» Exercise objective
Every line of the material below in which "dxfattribs" shows up is to be located and copied.
****************
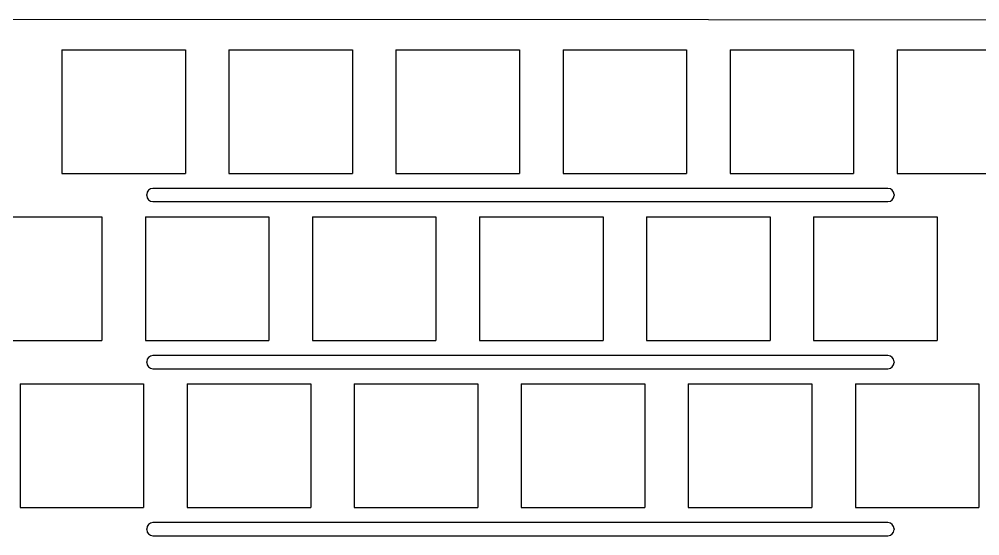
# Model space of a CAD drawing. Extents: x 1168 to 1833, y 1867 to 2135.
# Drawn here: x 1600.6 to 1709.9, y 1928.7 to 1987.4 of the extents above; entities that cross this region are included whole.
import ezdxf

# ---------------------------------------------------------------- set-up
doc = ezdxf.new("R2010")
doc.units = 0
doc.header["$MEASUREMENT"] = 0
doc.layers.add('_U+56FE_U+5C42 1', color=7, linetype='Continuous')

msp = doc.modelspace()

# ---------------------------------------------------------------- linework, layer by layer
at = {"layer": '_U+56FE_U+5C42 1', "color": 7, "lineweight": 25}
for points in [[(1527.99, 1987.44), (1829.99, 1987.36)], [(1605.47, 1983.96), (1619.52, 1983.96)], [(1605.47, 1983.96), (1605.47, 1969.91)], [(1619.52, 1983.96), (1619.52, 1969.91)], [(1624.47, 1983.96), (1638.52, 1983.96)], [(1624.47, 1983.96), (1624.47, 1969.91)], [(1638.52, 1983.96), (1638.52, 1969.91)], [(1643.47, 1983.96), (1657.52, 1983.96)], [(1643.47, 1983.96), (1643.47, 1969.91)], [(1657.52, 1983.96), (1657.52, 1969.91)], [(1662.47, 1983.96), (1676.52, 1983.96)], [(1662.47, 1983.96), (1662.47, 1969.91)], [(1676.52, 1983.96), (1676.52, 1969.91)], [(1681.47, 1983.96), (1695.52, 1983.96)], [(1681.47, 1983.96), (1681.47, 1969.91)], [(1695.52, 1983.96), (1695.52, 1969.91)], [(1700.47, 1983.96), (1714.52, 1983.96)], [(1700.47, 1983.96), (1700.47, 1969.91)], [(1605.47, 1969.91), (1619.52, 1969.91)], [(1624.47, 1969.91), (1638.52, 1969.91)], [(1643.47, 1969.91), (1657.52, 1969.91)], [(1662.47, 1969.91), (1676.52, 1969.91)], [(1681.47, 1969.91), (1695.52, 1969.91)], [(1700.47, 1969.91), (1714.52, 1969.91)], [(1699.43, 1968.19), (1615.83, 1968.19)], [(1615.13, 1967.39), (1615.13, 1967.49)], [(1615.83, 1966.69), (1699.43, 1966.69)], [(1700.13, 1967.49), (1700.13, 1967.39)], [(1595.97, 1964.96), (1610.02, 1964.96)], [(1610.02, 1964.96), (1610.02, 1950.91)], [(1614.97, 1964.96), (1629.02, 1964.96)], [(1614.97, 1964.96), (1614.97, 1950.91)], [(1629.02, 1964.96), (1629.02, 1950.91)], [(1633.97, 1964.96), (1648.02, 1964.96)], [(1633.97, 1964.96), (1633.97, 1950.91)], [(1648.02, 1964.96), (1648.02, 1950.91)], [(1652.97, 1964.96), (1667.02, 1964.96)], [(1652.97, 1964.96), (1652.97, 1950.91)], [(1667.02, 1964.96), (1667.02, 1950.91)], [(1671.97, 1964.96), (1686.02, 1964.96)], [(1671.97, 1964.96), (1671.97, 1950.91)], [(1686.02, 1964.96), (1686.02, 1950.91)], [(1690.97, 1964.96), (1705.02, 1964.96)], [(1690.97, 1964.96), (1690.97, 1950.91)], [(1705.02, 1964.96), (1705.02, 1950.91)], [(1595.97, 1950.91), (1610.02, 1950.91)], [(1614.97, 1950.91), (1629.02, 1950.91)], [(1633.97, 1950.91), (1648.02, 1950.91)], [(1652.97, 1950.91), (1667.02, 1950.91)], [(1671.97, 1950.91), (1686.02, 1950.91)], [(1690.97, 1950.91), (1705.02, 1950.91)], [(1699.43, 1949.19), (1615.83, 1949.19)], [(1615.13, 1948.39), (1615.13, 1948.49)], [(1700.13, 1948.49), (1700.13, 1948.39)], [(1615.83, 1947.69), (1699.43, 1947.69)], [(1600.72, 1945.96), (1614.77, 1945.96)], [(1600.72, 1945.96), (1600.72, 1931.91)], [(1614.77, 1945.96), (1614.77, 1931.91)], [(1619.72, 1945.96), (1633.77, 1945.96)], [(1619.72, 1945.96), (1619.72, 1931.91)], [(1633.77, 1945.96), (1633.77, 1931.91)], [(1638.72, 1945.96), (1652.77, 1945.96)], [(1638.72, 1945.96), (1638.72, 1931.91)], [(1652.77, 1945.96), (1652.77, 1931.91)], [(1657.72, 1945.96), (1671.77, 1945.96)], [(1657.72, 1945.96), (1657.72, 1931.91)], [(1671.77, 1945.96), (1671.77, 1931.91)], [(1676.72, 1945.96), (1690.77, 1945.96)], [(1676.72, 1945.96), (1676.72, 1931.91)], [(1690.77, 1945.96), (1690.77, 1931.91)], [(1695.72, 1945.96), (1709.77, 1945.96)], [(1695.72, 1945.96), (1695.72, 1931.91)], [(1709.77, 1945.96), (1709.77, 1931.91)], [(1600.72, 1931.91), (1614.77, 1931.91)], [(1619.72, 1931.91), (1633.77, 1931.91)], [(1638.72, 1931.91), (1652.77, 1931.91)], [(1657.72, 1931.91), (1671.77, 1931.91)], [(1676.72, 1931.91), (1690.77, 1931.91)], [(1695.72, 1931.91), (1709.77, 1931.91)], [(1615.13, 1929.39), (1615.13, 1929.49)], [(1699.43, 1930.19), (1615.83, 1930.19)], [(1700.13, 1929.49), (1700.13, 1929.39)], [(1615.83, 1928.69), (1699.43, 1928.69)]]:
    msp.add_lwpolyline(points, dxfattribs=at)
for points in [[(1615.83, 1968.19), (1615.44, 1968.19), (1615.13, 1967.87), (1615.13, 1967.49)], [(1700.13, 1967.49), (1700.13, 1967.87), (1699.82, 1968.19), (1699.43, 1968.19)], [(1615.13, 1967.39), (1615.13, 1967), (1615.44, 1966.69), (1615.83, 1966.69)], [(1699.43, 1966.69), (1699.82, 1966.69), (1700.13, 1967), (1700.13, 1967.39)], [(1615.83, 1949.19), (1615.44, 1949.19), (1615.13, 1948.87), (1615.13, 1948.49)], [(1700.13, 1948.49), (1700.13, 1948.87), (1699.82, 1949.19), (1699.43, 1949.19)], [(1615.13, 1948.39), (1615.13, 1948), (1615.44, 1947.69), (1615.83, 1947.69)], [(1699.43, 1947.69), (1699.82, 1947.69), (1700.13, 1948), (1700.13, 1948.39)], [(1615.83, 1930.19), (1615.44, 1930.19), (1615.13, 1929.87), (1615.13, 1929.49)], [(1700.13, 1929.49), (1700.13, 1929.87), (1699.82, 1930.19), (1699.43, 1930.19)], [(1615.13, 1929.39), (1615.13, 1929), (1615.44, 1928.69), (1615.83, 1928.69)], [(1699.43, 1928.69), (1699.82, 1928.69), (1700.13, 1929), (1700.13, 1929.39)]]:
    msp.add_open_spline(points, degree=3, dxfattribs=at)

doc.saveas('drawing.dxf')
****************
» Exercise response
    msp.add_lwpolyline(points, dxfattribs=at)
    msp.add_open_spline(points, degree=3, dxfattribs=at)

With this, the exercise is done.